Placidus hat nun diese Bögen genutzt, um sein Häusersystem zu konstruieren, indem er sagte: Derjenige Punkt der Ekliptik, der gerade die Hälfte seines Weges über den Horizont zurückgelegt hat, befindet sich in der oberen Kulmination, d.h. er befindet sich astrologisch genau am Medium Cœli. Diese Ekliptikstelle fällt also mit dem Medium Cœli als einer der vier Eckpunkte zusammen. Und derjenige Punkt der Ekliptik, der gerade seinen Tagbogen im Osten beginnt, fällt mit Aszendenten zusammen.

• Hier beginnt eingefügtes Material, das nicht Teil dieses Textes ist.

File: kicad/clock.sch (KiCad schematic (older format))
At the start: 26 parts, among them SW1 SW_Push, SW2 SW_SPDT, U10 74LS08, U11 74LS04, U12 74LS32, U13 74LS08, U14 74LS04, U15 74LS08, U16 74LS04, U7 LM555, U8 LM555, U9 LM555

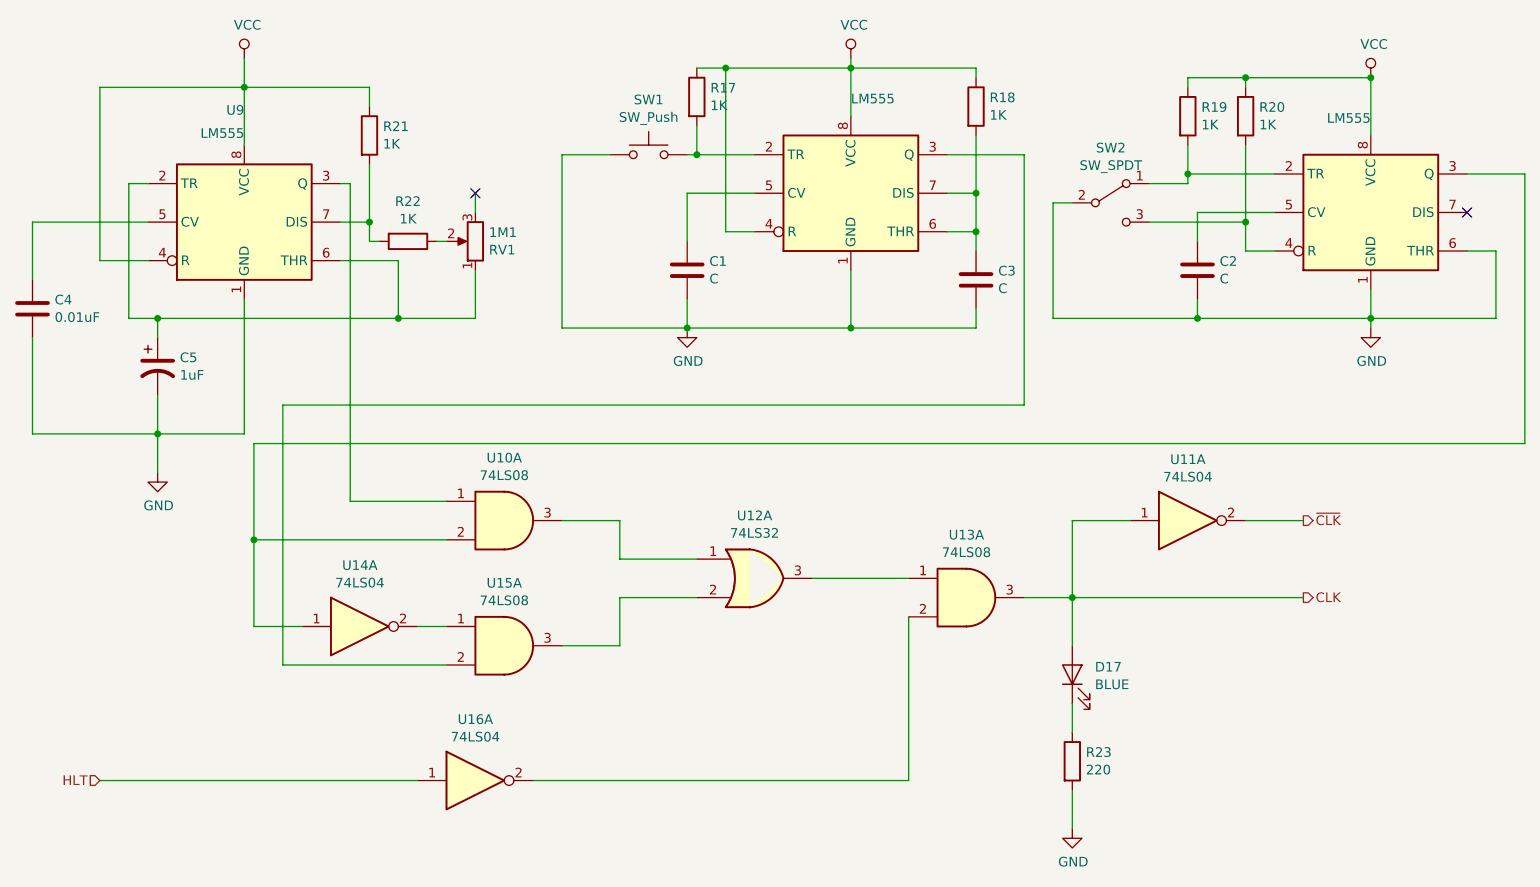
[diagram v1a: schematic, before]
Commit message: Reorganize part references
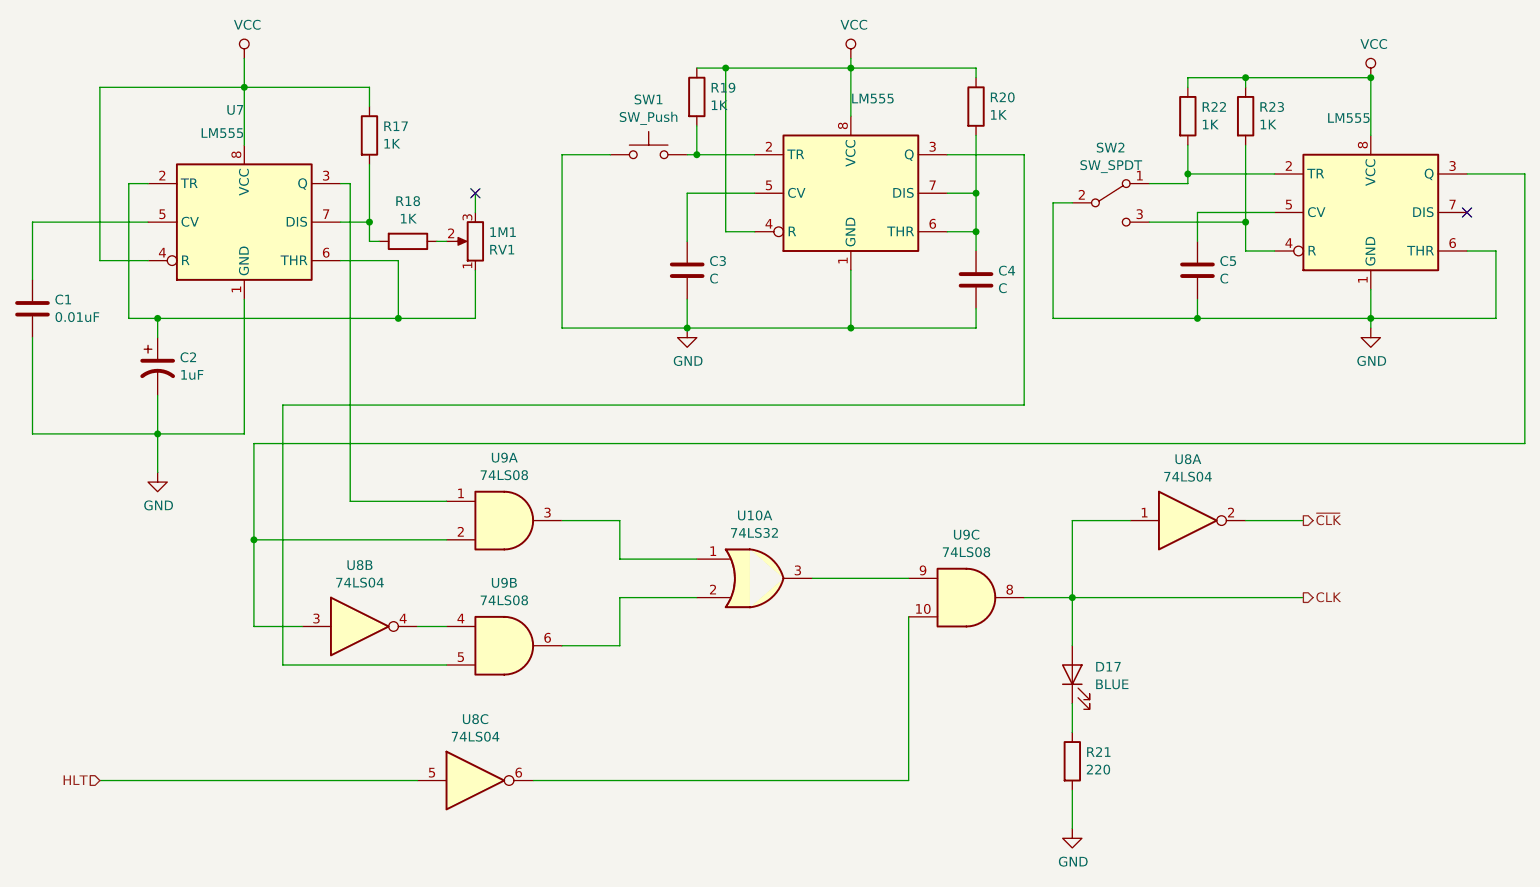
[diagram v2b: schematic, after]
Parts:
- renumbered C4 to C1, C5 to C2, C1 to C3, C3 to C4, C2 to C5, R21 to R17, R22 to R18, R17 to R19, R18 to R20, R23 to R21, R19 to R22, R20 to R23, U12 to U10, U7 to U11, U8 to U12, U9 to U7, U16 to U8, U14 to U8, U11 to U8, U10 to U9, U15 to U9, U13 to U9
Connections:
- net CLK: now also U9.8; no longer U9.3
- net HLT: now also U8.5; no longer U8.1
- net at U11.3 (Q): now also U9.5; no longer U9.2
- net at U12.3 (Q), U9.2: now also U8.3; no longer U8.1
- net at U10.2: now also U9.6; no longer U9.3
- net at U10.3: now also U9.9; no longer U9.1
- new net: U8.4, U9.4
- new net: U8.6, U9.10
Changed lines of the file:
@@
 AR Path="/5D7B7AE3/5D8B6D3B" Ref="U?"  Part="1"
 AR Path="/5DA98D6D/5DA9A52D/5D8B6D3B" Ref="U?"  Part="1"
-AR Path="/5DA9BE9A/5D8B6D3B" Ref="U11"  Part="1"
-F 0 "U11" H 7800 4117 50  0000 C CNN
+AR Path="/5DA9BE9A/5D8B6D3B" Ref="U8"  Part="1"
+F 0 "U8" H 7800 4117 50  0000 C CNN
 F 1 "74LS04" H 7800 4026 50  0000 C CNN
 F 2 "" H 7800 3800 50  0001 C CNN
@@
 AR Path="/5D7B7AE3/5D860CC7" Ref="R?"  Part="1"
 AR Path="/5DA98D6D/5DA9A52D/5D860CC7" Ref="R?"  Part="1"
-AR Path="/5DA9BE9A/5D860CC7" Ref="R23"  Part="1"
-F 0 "R23" H 7270 5096 50  0000 L CNN
+AR Path="/5DA9BE9A/5D860CC7" Ref="R21"  Part="1"
+F 0 "R21" H 7270 5096 50  0000 L CNN
 F 1 "220" H 7270 5005 50  0000 L CNN
 F 2 "" V 7130 5050 50  0001 C CNN
@@
 $Comp
 L 74xx:74LS04 U?
-U 1 1 5D8426F0
+U 2 1 5D8426F0
 P 3500 4350
 AR Path="/5D7B7AE3/5D8426F0" Ref="U?"  Part="1"
 AR Path="/5DA98D6D/5DA9A52D/5D8426F0" Ref="U?"  Part="1"
-AR Path="/5DA9BE9A/5D8426F0" Ref="U14"  Part="1"
-F 0 "U14" H 3500 4667 50  0000 C CNN
+AR Path="/5DA9BE9A/5D8426F0" Ref="U8"  Part="2"
+F 0 "U8" H 3500 4667 50  0000 C CNN
 F 1 "74LS04" H 3500 4576 50  0000 C CNN
 F 2 "" H 3500 4350 50  0001 C CNN
 F 3 "http://www.ti.com/lit/gpn/sn74LS04" H 3500 4350 50  0001 C CNN
-	1    3500 4350
+	2    3500 4350
 	1    0    0    -1
 $EndComp
@@
 $Comp
 L 74xx:74LS04 U?
-U 1 1 5D813A37
+U 3 1 5D813A37
 P 4100 5150
 AR Path="/5D7B7AE3/5D813A37" Ref="U?"  Part="1"
 AR Path="/5DA98D6D/5DA9A52D/5D813A37" Ref="U?"  Part="1"
-AR Path="/5DA9BE9A/5D813A37" Ref="U16"  Part="1"
-F 0 "U16" H 4100 5467 50  0000 C CNN
+AR Path="/5DA9BE9A/5D813A37" Ref="U8"  Part="3"
+F 0 "U8" H 4100 5467 50  0000 C CNN
 F 1 "74LS04" H 4100 5376 50  0000 C CNN
 F 2 "" H 4100 5150 50  0001 C CNN
 F 3 "http://www.ti.com/lit/gpn/sn74LS04" H 4100 5150 50  0001 C CNN
-	1    4100 5150
+	3    4100 5150
 	1    0    0    -1
 $EndComp
 $Comp
 L 74xx:74LS08 U?
-U 1 1 5D8119E1
+U 3 1 5D8119E1
 P 6650 4200
 AR Path="/5D7B7AE3/5D8119E1" Ref="U?"  Part="1"
 AR Path="/5DA98D6D/5DA9A52D/5D8119E1" Ref="U?"  Part="1"
-AR Path="/5DA9BE9A/5D8119E1" Ref="U13"  Part="1"
-F 0 "U13" H 6650 4525 50  0000 C CNN
+AR Path="/5DA9BE9A/5D8119E1" Ref="U9"  Part="3"
+F 0 "U9" H 6650 4525 50  0000 C CNN
 F 1 "74LS08" H 6650 4434 50  0000 C CNN
 F 2 "" H 6650 4200 50  0001 C CNN
 F 3 "http://www.ti.com/lit/gpn/sn74LS08" H 6650 4200 50  0001 C CNN
-	1    6650 4200
+	3    6650 4200
 	1    0    0    -1
 $EndComp
@@
 AR Path="/5D7B7AE3/5D80F71D" Ref="U?"  Part="1"
 AR Path="/5DA98D6D/5DA9A52D/5D80F71D" Ref="U?"  Part="1"
-AR Path="/5DA9BE9A/5D80F71D" Ref="U12"  Part="1"
-F 0 "U12" H 5550 4425 50  0000 C CNN
+AR Path="/5DA9BE9A/5D80F71D" Ref="U10"  Part="1"
+F 0 "U10" H 5550 4425 50  0000 C CNN
 F 1 "74LS32" H 5550 4334 50  0000 C CNN
 F 2 "" H 5550 4100 50  0001 C CNN
@@
 $Comp
 L 74xx:74LS08 U?
-U 1 1 5D80DF64
+U 2 1 5D80DF64
 P 4250 4450
 AR Path="/5D7B7AE3/5D80DF64" Ref="U?"  Part="1"
 AR Path="/5DA98D6D/5DA9A52D/5D80DF64" Ref="U?"  Part="1"
-AR Path="/5DA9BE9A/5D80DF64" Ref="U15"  Part="1"
-F 0 "U15" H 4250 4775 50  0000 C CNN
+AR Path="/5DA9BE9A/5D80DF64" Ref="U9"  Part="2"
+F 0 "U9" H 4250 4775 50  0000 C CNN
 F 1 "74LS08" H 4250 4684 50  0000 C CNN
 F 2 "" H 4250 4450 50  0001 C CNN
 F 3 "http://www.ti.com/lit/gpn/sn74LS08" H 4250 4450 50  0001 C CNN
-	1    4250 4450
+	2    4250 4450
 	1    0    0    -1
 $EndComp
@@
 AR Path="/5D7B7AE3/5D8098EF" Ref="U?"  Part="1"
 AR Path="/5DA98D6D/5DA9A52D/5D8098EF" Ref="U?"  Part="1"
-AR Path="/5DA9BE9A/5D8098EF" Ref="U10"  Part="1"
-F 0 "U10" H 4250 4125 50  0000 C CNN
+AR Path="/5DA9BE9A/5D8098EF" Ref="U9"  Part="1"
+F 0 "U9" H 4250 4125 50  0000 C CNN
 F 1 "74LS08" H 4250 4034 50  0000 C CNN
 F 2 "" H 4250 3800 50  0001 C CNN
@@
 AR Path="/5D7B7AE3/5D7DD2EC" Ref="C?"  Part="1"
 AR Path="/5DA98D6D/5DA9A52D/5D7DD2EC" Ref="C?"  Part="1"
-AR Path="/5DA9BE9A/5D7DD2EC" Ref="C2"  Part="1"
-F 0 "C2" H 7965 2546 50  0000 L CNN
+AR Path="/5DA9BE9A/5D7DD2EC" Ref="C5"  Part="1"
+F 0 "C5" H 7965 2546 50  0000 L CNN
 F 1 "C" H 7965 2455 50  0000 L CNN
 F 2 "" H 7888 2350 50  0001 C CNN
@@
 AR Path="/5D7B7AE3/5D7DD2C1" Ref="R?"  Part="1"
 AR Path="/5DA98D6D/5DA9A52D/5D7DD2C1" Ref="R?"  Part="1"
-AR Path="/5DA9BE9A/5D7DD2C1" Ref="R19"  Part="1"
-F 0 "R19" H 7870 1746 50  0000 L CNN
+AR Path="/5DA9BE9A/5D7DD2C1" Ref="R22"  Part="1"
+F 0 "R22" H 7870 1746 50  0000 L CNN
 F 1 "1K" H 7870 1655 50  0000 L CNN
 F 2 "" V 7730 1700 50  0001 C CNN
@@
 AR Path="/5D7B7AE3/5D7DD2BB" Ref="R?"  Part="1"
 AR Path="/5DA98D6D/5DA9A52D/5D7DD2BB" Ref="R?"  Part="1"
-AR Path="/5DA9BE9A/5D7DD2BB" Ref="R20"  Part="1"
-F 0 "R20" H 8170 1746 50  0000 L CNN
+AR Path="/5DA9BE9A/5D7DD2BB" Ref="R23"  Part="1"
+F 0 "R23" H 8170 1746 50  0000 L CNN
 F 1 "1K" H 8170 1655 50  0000 L CNN
 F 2 "" V 8030 1700 50  0001 C CNN
@@
 AR Path="/5D7B7AE3/5D7DD2B1" Ref="R?"  Part="1"
 AR Path="/5DA98D6D/5DA9A52D/5D7DD2B1" Ref="R?"  Part="1"
-AR Path="/5DA9BE9A/5D7DD2B1" Ref="R18"  Part="1"
-F 0 "R18" H 6770 1696 50  0000 L CNN
+AR Path="/5DA9BE9A/5D7DD2B1" Ref="R20"  Part="1"
+F 0 "R20" H 6770 1696 50  0000 L CNN
 F 1 "1K" H 6770 1605 50  0000 L CNN
 F 2 "" V 6630 1650 50  0001 C CNN
@@
 AR Path="/5D7B7AE3/5D7DD2A0" Ref="C?"  Part="1"
 AR Path="/5DA98D6D/5DA9A52D/5D7DD2A0" Ref="C?"  Part="1"
-AR Path="/5DA9BE9A/5D7DD2A0" Ref="C1"  Part="1"
-F 0 "C1" H 5315 2546 50  0000 L CNN
+AR Path="/5DA9BE9A/5D7DD2A0" Ref="C3"  Part="1"
+F 0 "C3" H 5315 2546 50  0000 L CNN
 F 1 "C" H 5315 2455 50  0000 L CNN
 F 2 "" H 5238 2350 50  0001 C CNN
@@
 AR Path="/5D7B7AE3/5D7DD29A" Ref="C?"  Part="1"
 AR Path="/5DA98D6D/5DA9A52D/5D7DD29A" Ref="C?"  Part="1"
-AR Path="/5DA9BE9A/5D7DD29A" Ref="C3"  Part="1"
-F 0 "C3" H 6815 2596 50  0000 L CNN
+AR Path="/5DA9BE9A/5D7DD29A" Ref="C4"  Part="1"
+F 0 "C4" H 6815 2596 50  0000 L CNN
 F 1 "C" H 6815 2505 50  0000 L CNN
 F 2 "" H 6738 2400 50  0001 C CNN
@@
 AR Path="/5D7B7AE3/5D7DD27E" Ref="R?"  Part="1"
 AR Path="/5DA98D6D/5DA9A52D/5D7DD27E" Ref="R?"  Part="1"
-AR Path="/5DA9BE9A/5D7DD27E" Ref="R17"  Part="1"
-F 0 "R17" H 5320 1646 50  0000 L CNN
+AR Path="/5DA9BE9A/5D7DD27E" Ref="R19"  Part="1"
+F 0 "R19" H 5320 1646 50  0000 L CNN
 F 1 "1K" H 5320 1555 50  0000 L CNN
 F 2 "" V 5180 1600 50  0001 C CNN
@@
 AR Path="/5D7B7AE3/5D7DD266" Ref="C?"  Part="1"
 AR Path="/5DA98D6D/5DA9A52D/5D7DD266" Ref="C?"  Part="1"
-AR Path="/5DA9BE9A/5D7DD266" Ref="C5"  Part="1"
-F 0 "C5" H 2565 3046 50  0000 L CNN
+AR Path="/5DA9BE9A/5D7DD266" Ref="C2"  Part="1"
+F 0 "C2" H 2565 3046 50  0000 L CNN
 F 1 "1uF" H 2565 2955 50  0000 L CNN
 F 2 "" H 2450 3000 50  0001 C CNN
@@
 AR Path="/5D7B7AE3/5D7DD258" Ref="C?"  Part="1"
 AR Path="/5DA98D6D/5DA9A52D/5D7DD258" Ref="C?"  Part="1"
-AR Path="/5DA9BE9A/5D7DD258" Ref="C4"  Part="1"
-F 0 "C4" H 1915 2746 50  0000 L CNN
+AR Path="/5DA9BE9A/5D7DD258" Ref="C1"  Part="1"
+F 0 "C1" H 1915 2746 50  0000 L CNN
 F 1 "0.01uF" H 1915 2655 50  0000 L CNN
 F 2 "" H 1838 2550 50  0001 C CNN
@@
 AR Path="/5D7B7AE3/5D7DD239" Ref="R?"  Part="1"
 AR Path="/5DA98D6D/5DA9A52D/5D7DD239" Ref="R?"  Part="1"
-AR Path="/5DA9BE9A/5D7DD239" Ref="R22"  Part="1"
-F 0 "R22" V 3543 2350 50  0000 C CNN
+AR Path="/5DA9BE9A/5D7DD239" Ref="R18"  Part="1"
+F 0 "R18" V 3543 2350 50  0000 C CNN
 F 1 "1K" V 3634 2350 50  0000 C CNN
 F 2 "" V 3680 2350 50  0001 C CNN
@@
 AR Path="/5D7B7AE3/5D7DD233" Ref="R?"  Part="1"
 AR Path="/5DA98D6D/5DA9A52D/5D7DD233" Ref="R?"  Part="1"
-AR Path="/5DA9BE9A/5D7DD233" Ref="R21"  Part="1"
-F 0 "R21" H 3620 1846 50  0000 L CNN
+AR Path="/5DA9BE9A/5D7DD233" Ref="R17"  Part="1"
+F 0 "R17" H 3620 1846 50  0000 L CNN
 F 1 "1K" H 3620 1755 50  0000 L CNN
 F 2 "" V 3480 1800 50  0001 C CNN
@@
 AR Path="/5D7B7AE3/5D7DD215" Ref="U?"  Part="1"
 AR Path="/5DA98D6D/5DA9A52D/5D7DD215" Ref="U?"  Part="1"
-AR Path="/5DA9BE9A/5D7DD215" Ref="U8"  Part="1"
-F 0 "U8" H 8750 2781 50  0001 C CNN
+AR Path="/5DA9BE9A/5D7DD215" Ref="U12"  Part="1"
+F 0 "U12" H 8750 2781 50  0001 C CNN
 F 1 "LM555" H 8750 2689 50  0000 R CNN
 F 2 "" H 8750 2200 50  0001 C CNN
@@
 AR Path="/5D7B7AE3/5D7DD20F" Ref="U?"  Part="1"
 AR Path="/5DA98D6D/5DA9A52D/5D7DD20F" Ref="U?"  Part="1"
-AR Path="/5DA9BE9A/5D7DD20F" Ref="U7"  Part="1"
-F 0 "U7" H 6050 2681 50  0001 C CNN
+AR Path="/5DA9BE9A/5D7DD20F" Ref="U11"  Part="1"
+F 0 "U11" H 6050 2681 50  0001 C CNN
 F 1 "LM555" H 6050 2590 50  0000 L CNN
 F 2 "" H 6050 2100 50  0001 C CNN
@@
 AR Path="/5D7B7AE3/5D7DD209" Ref="U?"  Part="1"
 AR Path="/5DA98D6D/5DA9A52D/5D7DD209" Ref="U?"  Part="1"
-AR Path="/5DA9BE9A/5D7DD209" Ref="U9"  Part="1"
-F 0 "U9" H 2900 2831 50  0000 R CNN
+AR Path="/5DA9BE9A/5D7DD209" Ref="U7"  Part="1"
+F 0 "U7" H 2900 2831 50  0000 R CNN
 F 1 "LM555" H 2900 2740 50  0000 R TNN
 F 2 "" H 2900 2250 50  0001 C CNN

Um die Zwischenhäuserspitzen zu bestimmen, folgerte er: Derjenige Punkt, der gerade ein Sechstel seines täglichen Weges von Ost nach West zurückgelegt hat, befindet sich an der Spitze des zwölften Hauses, und diejenige Ekliptikstelle, die gerade zwei Sechstel zurückgelegt hat, an der Spitze des elften Hauses usw. (vgl. Abbildung 5).

Aus Ergänzung mit den Nachtbögen entsteht so das Häusersystem nach Placidus aus der täglichen Bewegung der Ekliptik, die sich in den Tagbögen spiegelt.